### [TASK REQUIREMENTS]
Search the data for the word "needed" and copy each line that has it.

### [STUDY MATERIAL]
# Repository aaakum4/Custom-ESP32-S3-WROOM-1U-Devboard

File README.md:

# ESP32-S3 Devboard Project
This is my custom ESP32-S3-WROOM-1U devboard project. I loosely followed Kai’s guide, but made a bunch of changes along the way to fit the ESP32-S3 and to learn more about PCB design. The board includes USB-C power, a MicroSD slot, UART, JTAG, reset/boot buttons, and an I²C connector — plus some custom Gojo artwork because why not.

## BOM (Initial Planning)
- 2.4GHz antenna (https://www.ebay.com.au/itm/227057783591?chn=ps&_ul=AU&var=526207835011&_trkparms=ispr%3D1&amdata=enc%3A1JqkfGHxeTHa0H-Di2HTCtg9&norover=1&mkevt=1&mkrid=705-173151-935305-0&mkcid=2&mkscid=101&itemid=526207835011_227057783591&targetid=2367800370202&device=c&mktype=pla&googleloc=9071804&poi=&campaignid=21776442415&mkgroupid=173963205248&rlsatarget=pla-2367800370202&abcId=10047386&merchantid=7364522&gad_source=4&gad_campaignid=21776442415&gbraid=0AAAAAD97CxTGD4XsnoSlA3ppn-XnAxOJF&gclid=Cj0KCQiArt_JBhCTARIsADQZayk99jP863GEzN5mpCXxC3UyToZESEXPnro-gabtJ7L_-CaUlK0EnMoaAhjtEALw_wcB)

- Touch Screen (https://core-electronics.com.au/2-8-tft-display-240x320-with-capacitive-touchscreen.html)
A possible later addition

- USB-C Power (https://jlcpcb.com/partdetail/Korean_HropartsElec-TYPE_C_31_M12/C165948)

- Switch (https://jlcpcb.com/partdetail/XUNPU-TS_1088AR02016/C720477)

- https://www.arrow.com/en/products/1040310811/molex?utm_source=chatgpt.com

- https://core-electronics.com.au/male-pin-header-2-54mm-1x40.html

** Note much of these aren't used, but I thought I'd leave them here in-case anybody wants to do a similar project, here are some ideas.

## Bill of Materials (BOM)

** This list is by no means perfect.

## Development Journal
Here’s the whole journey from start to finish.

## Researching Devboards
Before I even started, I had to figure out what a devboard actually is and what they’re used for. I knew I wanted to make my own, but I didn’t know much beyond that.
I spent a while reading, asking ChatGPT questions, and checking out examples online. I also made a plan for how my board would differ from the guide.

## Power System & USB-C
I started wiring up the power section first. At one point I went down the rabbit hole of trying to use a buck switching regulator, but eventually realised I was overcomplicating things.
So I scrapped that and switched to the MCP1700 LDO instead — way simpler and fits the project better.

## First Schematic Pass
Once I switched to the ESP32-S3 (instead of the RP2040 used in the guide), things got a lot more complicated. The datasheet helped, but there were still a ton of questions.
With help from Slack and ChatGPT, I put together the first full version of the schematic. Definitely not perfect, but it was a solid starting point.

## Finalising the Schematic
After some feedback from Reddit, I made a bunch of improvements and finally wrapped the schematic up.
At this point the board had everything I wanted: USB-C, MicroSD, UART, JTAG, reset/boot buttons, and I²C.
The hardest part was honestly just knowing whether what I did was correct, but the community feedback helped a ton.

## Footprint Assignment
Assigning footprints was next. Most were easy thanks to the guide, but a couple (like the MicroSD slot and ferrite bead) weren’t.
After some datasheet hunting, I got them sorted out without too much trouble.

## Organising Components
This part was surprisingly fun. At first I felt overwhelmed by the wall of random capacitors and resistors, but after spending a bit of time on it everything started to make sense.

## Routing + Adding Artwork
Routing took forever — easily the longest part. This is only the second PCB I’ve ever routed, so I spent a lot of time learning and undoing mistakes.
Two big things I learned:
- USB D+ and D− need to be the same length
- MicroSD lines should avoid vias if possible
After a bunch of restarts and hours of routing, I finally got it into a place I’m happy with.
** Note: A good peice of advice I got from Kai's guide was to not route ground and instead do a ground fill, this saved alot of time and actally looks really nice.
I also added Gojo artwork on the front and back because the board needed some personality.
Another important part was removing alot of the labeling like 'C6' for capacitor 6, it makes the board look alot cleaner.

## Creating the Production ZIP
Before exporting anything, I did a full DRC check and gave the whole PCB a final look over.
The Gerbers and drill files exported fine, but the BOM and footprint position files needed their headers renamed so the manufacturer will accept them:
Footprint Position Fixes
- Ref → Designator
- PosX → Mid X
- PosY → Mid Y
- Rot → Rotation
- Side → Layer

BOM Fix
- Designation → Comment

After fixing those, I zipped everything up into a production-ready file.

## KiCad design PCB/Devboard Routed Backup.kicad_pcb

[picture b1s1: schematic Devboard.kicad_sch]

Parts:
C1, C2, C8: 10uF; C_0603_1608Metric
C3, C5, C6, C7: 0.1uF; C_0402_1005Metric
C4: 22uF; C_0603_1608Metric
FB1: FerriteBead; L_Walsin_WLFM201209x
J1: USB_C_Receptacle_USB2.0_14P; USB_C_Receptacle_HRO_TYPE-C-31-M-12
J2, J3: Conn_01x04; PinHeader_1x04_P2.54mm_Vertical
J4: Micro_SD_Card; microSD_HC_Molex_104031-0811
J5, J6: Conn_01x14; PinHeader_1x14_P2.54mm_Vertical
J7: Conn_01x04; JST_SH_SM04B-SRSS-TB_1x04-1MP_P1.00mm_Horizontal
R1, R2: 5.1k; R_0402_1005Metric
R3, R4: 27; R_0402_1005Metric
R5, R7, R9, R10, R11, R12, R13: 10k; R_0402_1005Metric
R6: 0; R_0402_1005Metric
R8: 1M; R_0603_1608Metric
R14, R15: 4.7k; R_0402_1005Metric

### [EXERCISE ANSWER]
I also added Gojo artwork on the front and back because the board needed some personality.
The Gerbers and drill files exported fine, but the BOM and footprint position files needed their headers renamed so the manufacturer will accept them:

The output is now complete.